2, the present invention takes full advantage of the high-performance of existing machine reading model, and the parameter of migration contains multilayer nerve net Trained machine reading model parameter alternative sequence model parameter random initializtion can be helped series model more by network It in depth excavates the information that text contains and promotes the quality for generating text sequence so that content more has depth.

Detailed description of the invention

Fig. 1 is a kind of flow diagram for the transfer learning method that series model is read based on machine of the present invention；

Fig. 2 is the overall structure diagram of machine reading model and series model in the present invention.

Specific embodiment

It is clear in order to be more clear the purpose of the present invention, technical solution and advantageous effects, below in conjunction with attached drawing into One step detailed description of the present invention technology contents and specific embodiment.It should be understood that described in this specification specific Embodiment is not intended to limit the present invention just for the sake of explaining the present invention.

As shown in Figure 1, a kind of transfer learning method for reading series model based on machine, comprising the following steps:

S01, one machine reading model of pre-training.

We use question and answer data set SQuAD this extensive high quality corpus in Stamford as training set, we Task is a given article and a problem to predict answer, which is a continuation field in article.

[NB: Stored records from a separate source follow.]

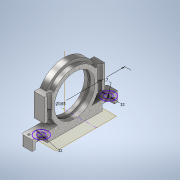
# Autodesk Inventor part: Корпус_Подшипника
Saved by Autodesk Inventor 2021 (Build 250183000, 183)
## iProperties
Created: 2023-04-25
Part Number: Корпус_Подшипника
Material: Сталь, углеродистая
Document SubType Name: Modeling
Designer: gdevc
Density: 7.85 g/cm^3
Appearance: С умеренной полировкой
Mass: 3735.25 g
Surface Area: 918.97 cm^2
Volume: 475.828 cm^3
Author: gdevc
Autodesk Inventor part; units mm, degrees
sketch "Эскиз1" plane through (0, 0, 0) normal (0, 0, 1) x (1, 0, 0)
  line L0 (0, 0) -> (119.1589, 0)
  line L1 (0, 50) -> (52, 50)
  line L2 (52, 50) -> (52, 67.5)
  line L3 (0, 67.5) -> (0, 50)
  line L4 (0, 67.5) -> (15, 67.5)
  line L5 (15, 67.5) -> (15, 60)
  line L6 (15, 60) -> (37, 60)
  line L7 (37, 60) -> (37, 67.5)
  line L8 (37, 67.5) -> (52, 67.5)
  dimension "d0" = 100
  dimension "d1" = 52
  dimension "d2" = 135
  dimension "d3" = 10
  dimension "d4" = 15
  dimension "d5" = 15
  constraints: 18 end point, 5 perpendicular, 3 horizontal, 2 point on line
  measures "d0" diameter of L1 L0
  measures "d1" distance of L1.start L1.end
  measures "d2" diameter of L4 L0
  measures "d3" distance between parallel lines of L1 L6
  measures "d4" distance between parallel lines of L3 L5
  measures "d5" distance between parallel lines of L2 L7
revolve "Вращение1" add sketch "Эскиз1" angle 360 about axis through (0, 0, 0) along (1, 0, 0)
ref_plane "РабПлоскость1" through (0, -67.5, 0) normal (0, 1, 0) x (-1, 0, 0)
sketch "Эскиз3" plane through (0, -67.5, 0) normal (0, 1, 0) x (-1, 0, 0)
  line L0 (0, 0) -> (0, -105)
  line L1 (0, 67.5) -> (0, -67.5) projected
  line L2 (0, -105) -> (-52, -105)
  line L3 (-52, 67.5) -> (-52, -67.5) projected
  line L4 (-52, -105) -> (-52, 47.2217)
  line L5 (0, 105) -> (0, 0)
  line L6 (0, 105) -> (-52, 105)
  line L7 (-52, 105) -> (-52, 44.8764)
  dimension "d15" = 52
  dimension "d16" = 210
  dimension "d17" = 105
  constraints: 12 end point, 1 collinear, 1 horizontal, 1 parallel, 1 perpendicular, 1 point on line
  measures "d15" distance of L0.end L2.end
  measures "d16" distance between parallel lines of L6 L2
  measures "d17" distance from line of L0.start L2
extrude "Выдавливание1" add sketch "Эскиз3" along normal blind 25
sketch "Эскиз2" plane through (0, 0, 0) normal (0, 0, 1) x (1, 0, 0)
  line L0 (9, 50) -> (9, 54)
  line L1 (9, 54) -> (15, 54)
  line L2 (15, 54) -> (15, 50)
  line L3 (42, 50) -> (42, 54)
  line L4 (42, 54) -> (48, 54)
  line L5 (48, 54) -> (48, 50)
  line L6 (52, -67.5) -> (52, 67.5) projected
  line L7 (-10.4, 0) -> (62.4, 0) projected
  line L8 (15, 54) -> (15, 0)
  line L9 (15, -42.5) -> (15, 60) projected
  line L10 (9, 0) -> (9, 50)
  line L11 (48, 50) -> (48, 0)
  line L12 (48, 0) -> (42, 0)
  line L13 (42, 50) -> (42, 0)
  line L14 (52, 50) -> (0, 50) projected
  line L15 (9, 0) -> (15, 0)
  point P0 (0, 0)
  dimension "d7" = 54
  dimension "d8" = 6
  dimension "d9" = 9
  dimension "d10" = 4
  dimension "d11" = 54
  dimension "d12" = 6
  constraints: 24 end point, 5 perpendicular, 5 point on line, 2 vertical, 1 collinear
  measures "d7" distance from line of point (0, 0) L1
  measures "d8" distance between parallel lines of L2 L0
  measures "d9" distance from line of point (0, 0) L0
  measures "d10" distance between parallel lines of L6 L5
  measures "d11" distance from line of point (0, 0) L4
  measures "d12" distance between parallel lines of L5 L3
revolve "Вращение2" cut sketch "Эскиз2" angle 360 about axis through (-10, 0, 0) along (1, 0, 0) contours L14 L8 L7 L10 | L0 L1 L2 L14 | L14 L11 L7 L13 | L3 L4 L5 L14
sketch "Эскиз4" plane through (0, -67.5, -105) normal (-1, 0, 0) x (0, 0, 1)
  arc A0 (131.3391, 25) -> (78.6609, 25) centre (105, 67.5) ccw projected
  arc A1 (157.4404, 25) -> (52.5596, 25) centre (105, 67.5) ccw projected
  circle A2 centre (105, 67.5) radius 50
  point P0 (78.6609, 25)
  constraints: 1 centre point, 1 coincident
extrude "Выдавливание2" cut sketch "Эскиз4" against normal through all
ref_plane "РабПлоскость2" through (0, -42.5, 0) normal (0, 1, 0) x (-1, 0, 0)
sketch "Эскиз5" plane through (0, -42.5, 0) normal (0, 1, 0) x (-1, 0, 0)
  line L0 (-42, -82.5) -> (-10, -82.5) construction
  circle A0 centre (-26, -82.5) radius 8.5
  line L1 (-80.9956, 0) -> (7.5507, 0) construction
  line L2 (-42, 82.5) -> (-10, 82.5) construction
  circle A1 centre (-26, 82.5) radius 8.5
  circle A2 centre (-26, -82.5) radius 16
  circle A3 centre (-26, 82.5) radius 16
  point P0 (0, 0)
  dimension "d23" = 165
  dimension "d28" = 17
  dimension "d79" = 32
  dimension "d80" = 32
  constraints: 6 end point, 4 centre point, 3 symmetric about line, 2 coincident, 1 horizontal, 1 midpoint, 1 other
  measures "d23" diameter of point (0, 0) L0
  measures "d28" diameter of A0
  measures "d79" diameter of A2
  measures "d80" diameter of A3
extrude "Выдавливание4" cut sketch "Эскиз5" against normal through all contours A0 | A1
ref_plane "РабПлоскость3" through (26, -67.5, -105) normal (-1, 0, 0) x (0, 0, 1)
ref_plane "РабПлоскость4" through (0, 18.5, 0) normal (0, 1, 0) x (-1, 0, 0)
extrude "Выдавливание12" cut sketch "Эскиз5" against normal blind 1
sketch "Эскиз14" plane through (0, -67.5, 0) normal (0, -1, 0) x (1, 0, 0)
  line L0 (36, 97.5) -> (16.2132, 97.5)
  line L1 (11, 92.2868) -> (11, 72.5)
  line L2 (16, 67.5) -> (36, 67.5)
  line L3 (41, 72.5) -> (41, 92.5)
  line L4 (80.9956, 0) -> (-7.5507, 0) construction
  circle A0 centre (26, 82.5) radius 8.5 projected
  arc A1 (41, 92.5) -> (36, 97.5) centre (36, 92.5) ccw
  arc A2 (11, 72.5) -> (16, 67.5) centre (16, 72.5) ccw
  arc A3 (36, 67.5) -> (41, 72.5) centre (36, 72.5) ccw
  line L5 (36, -97.5) -> (16, -97.5)
  line L6 (11, -92.5) -> (11, -72.5)
  line L7 (16, -67.5) -> (36, -67.5)
  line L8 (41, -72.5) -> (41, -92.5)
  circle A4 centre (26, -82.5) radius 8.5
  arc A5 (11, -92.5) -> (16, -97.5) centre (16, -92.5) ccw
  arc A6 (16, -67.5) -> (11, -72.5) centre (16, -72.5) ccw
  arc A7 (41, -72.5) -> (36, -67.5) centre (36, -72.5) ccw
  circle A8 centre (11, 97.5) radius 5.2132
  circle A9 centre (26, 82.5) radius 16 projected
  circle A10 centre (41, -97.5) radius 5.2132
  circle A11 centre (26, -82.5) radius 16 projected
  point P0 (0, 0)
  point P1 (11, 67.5)
  point P2 (41, 67.5)
  point P3 (26, 82.5)
  point P4 (11, -67.5)
  point P5 (11, -97.5)
  point P6 (41, -67.5)
  point P7 (26, -82.5)
  point P8 (20.4322, -97.5)
  point P9 (11, -88.0678)
  point P10 (11, -76.9322)
  point P11 (37.3137, -93.8137)
  point P12 (31.5678, -97.5)
  point P13 (35.7868, -97.5)
  point P14 (41, -88.0678)
  point P15 (41, -92.2868)
  point P16 (41, -76.9322)
  dimension "d83" = 30
  dimension "d84" = 30
  dimension "d86" = 5
  dimension "d89" = 15
  constraints: 16 end point, 15 symmetric about line, 14 point on circle, 12 point on line, 9 centre point, 8 tangent, 3 coincident, 2 equal radius, 2 parallel, 1 horizontal, 1 perpendicular, 3 other
  measures "d83" distance of point (11, 97.5) point (11, 67.5)
  measures "d84" distance of point (11, 67.5) point (41, 67.5)
  measures "d86" radius of A1
  measures "d89" horizontal distance of A10.centre A4.centre
extrude "Выдавливание14" cut sketch "Эскиз14" against normal blind 15 contours A1 L3 A9 L0 | A9 L3 L2 L1 L0 | A9 A8 L0 | A9 L1 A8 | L3 A3 L2 A9 | A9 L2 A2 L1 | L5 A11 A10 | L5 A11 L6 L7 L8 | A11 L8 A10 | L5 A5 L6 A11 | A11 L7 A7 L8 | L6 A6 L7 A11
sketch "Эскиз15" plane through (0, -67.5, 0) normal (0, -1, 0) x (1, 0, 0)
  arc A0 (11, 92.2868) -> (16.2132, 97.5) centre (11, 97.5) ccw projected
  arc A1 (41, -92.2868) -> (35.7868, -97.5) centre (41, -97.5) ccw projected
  circle A2 centre (11, 97.5) radius 2.5
  circle A3 centre (41, -97.5) radius 2.5
  point P0 (0, 0)
  dimension "d92" = 5
  dimension "d93" = 5
  constraints: 2 centre point, 2 coincident
  measures "d92" diameter of A2
  measures "d93" diameter of A3
extrude "Выдавливание15" cut sketch "Эскиз15" against normal through all
fillet "Сопряжение3" radius 5 4 edges at (52, -55, 105) (0, -55, 105) (52, -55, -105) (0, -55, -105)
ref_plane "РабПлоскость8" through (0, 32.5, 0) normal (0, -1, 0) x (1, 0, 0)
ref_plane "РабПлоскость9" through (26, 0, 0) normal (1, 0, 0) x (0, 0, -1)
sketch "Эскиз17" plane through (26, 0, 0) normal (1, 0, 0) x (0, 0, -1)
  line L0 (147, 32.5) -> (-147, 32.5) projected
  arc A0 (52.4404, -42.5) -> (-52.4404, -42.5) centre (0, 0) ccw projected
  arc A1 (52.4404, -42.5) -> (-52.4404, -42.5) centre (0, 0) ccw projected
  arc A2 (52.4404, -42.5) -> (-52.4404, -42.5) centre (0, 0) ccw projected
  arc A3 (42.3527, -42.5) -> (-42.3527, -42.5) centre (0, 0) ccw projected
  arc A4 (42.3527, -42.5) -> (-42.3527, -42.5) centre (0, 0) ccw projected
  arc A5 (42.3527, -42.5) -> (-42.3527, -42.5) centre (0, 0) ccw projected
  line L1 (50.4356, 32.5) -> (74, 32.5)
  line L2 (74, 32.5) -> (74, -23.9656)
  line L3 (74, -23.9656) -> (55.0059, -23.9656)
  line L4 (74, -43.5) -> (74, -52.5) projected
  arc A6 (55.0059, -23.9656) -> (50.4356, 32.5) centre (0, 0) ccw
  line L5 (0, 42.0704) -> (0, -31.0307) construction
  line L6 (-50.4356, 32.5) -> (-74, 32.5)
  line L7 (-74, 32.5) -> (-74, -23.9656)
  line L8 (-74, -23.9656) -> (-55.0059, -23.9656)
  arc A7 (-50.4356, 32.5) -> (-55.0059, -23.9656) centre (0, 0) ccw
  point P0 (74, -48)
  point P1 (50.4356, 32.5)
  point P2 (-50.4356, 32.5)
  constraints: 14 end point, 6 point on circle, 6 symmetric about line, 3 point on line, 2 centre point, 2 vertical, 1 coincident, 1 midpoint, 1 perpendicular, 1 other
extrude "Выдавливание16" add sketch "Эскиз17" along normal mid plane 52 contours L0 A0 L3 A3 | A3 L8 A0 L0 | L0 L2 L3 A0 | A0 L8 L7 L0
sketch "Эскиз18" plane through (0, 32.5, 74) normal (0, 1, 0) x (1, 0, 0)
  circle A0 centre (26, -8.5) radius 8.5 projected
  line L0 (0, 0) -> (52, 0) projected
  circle A1 centre (26, 12) radius 6
  circle A2 centre (26, 12) radius 5
  circle A3 centre (26, 136) radius 6
  circle A4 centre (26, 136) radius 5
  line L1 (0, 148) -> (52, 148) projected
  point P0 (0, 74)
  dimension "d100" = 12
  dimension "d101" = 10
  dimension "d102" = 12
  dimension "d103" = 12
  dimension "d104" = 10
  dimension "d105" = 12
  constraints: 4 centre point, 1 coincident
  measures "d100" diameter of A1
  measures "d101" diameter of A2
  measures "d102" distance from line of A1.centre L0
  measures "d103" diameter of A3
  measures "d104" diameter of A4
  measures "d105" distance from line of L1 A3.centre
extrude "Выдавливание17" cut sketch "Эскиз18" against normal blind 62 contours A2 | A4
extrude "Выдавливание18" cut sketch "Эскиз18" against normal blind 35 contours A1 | A3
thread "Резьба5" size "M10x1.5" class "6H" standard "ISO Metric profile" length 25
thread "Резьба6" size "M10x1.5" class "6H" standard "ANSI Metric M Profile" length 25
chamfer "Фаска3" distance 0.5 angle 45 1 edges at (21, -2.5, 62)
chamfer "Фаска4" distance 0.5 angle 45 1 edges at (21, -2.5, -62)
equation "\"d17\" = 0.5 * d16"

Referring to fig. 2, it is embedding that we do word to input text with existing term vector Glove to the structure of machine reading model Enter, is sent into the two-way length of coding layer (Encoding Layer) later in short-term in memory network (BiLSTM).We are each hidden Hiding unit all connects together side by side forms the expression of the entire sentence of the direction, and the expression of the sentence of both direction is merged Final expression as list entries.Then, the expression of article sequence and the expression of sequence of question are combined and are sent to note by we In meaning power mechanism (Attention Mechanism).Attention mechanism is a series of regularization linear operations and logical operation group At function, specifically can refer to and be published within 2017 international top study and characterize meeting International Conference " Bi-directional Attention Flow for Machine on Learning Representations Comprehension " in page 3 to page 4 of content.The output of our attention mechanism is an article word quantity The matrix of attention vector composition.Finally, we are by attention Input matrix to model layer (Modeling Layer) In unidirectional long memory network (LSTM) in short-term, and regularization is carried out using the hidden unit of the network and uses softmax function To export the probability distribution of prediction.

S02, the coding layer and model layer parameter of extraction machine reading model.In step S01, we refer to length in short-term Memory network, this is one kind of Recognition with Recurrent Neural Network and the parameter that we will extract.We by the network of coding layer and The network of model layer extracts respectively, prepares the initiation parameter as next task.

S03, the parameter extracted in step S02 is embedded in series model, the initialization as the partial parameters.

Referring to fig. 2, series model is mainly by an encoder (Encoder) and a decoder for the structure of series model (Decoder) it forms, in order to keep unified with the parameter in migration source, we are equally using long memory network in short-term as sequence The major parameter component part of model.The word sequence of input is sent to encoder and the migration of series model by we simultaneously first In the encoder of the machine reading model come, the merging vector after being encoded；Then it will merge vector and be sent into a unidirectional length Short-term memory network is integrated, and obtains the encoder of two kinds of separate sources to the coding vector after input text sequence integration. We by the hidden unit of decoder and integrate vector using the coding vector after integration as the initialization vector of decoder Unit carries out attention interaction, and gain attention force vector a_t, wherein t is decoded t-th of word.For general series model For, notice that force vector is eventually sent to the probability distribution for carrying out regularization in a softmax function and generating prediction:

P(y_t|y_{< t}, x) and=softmax (W_pa_t+b_p)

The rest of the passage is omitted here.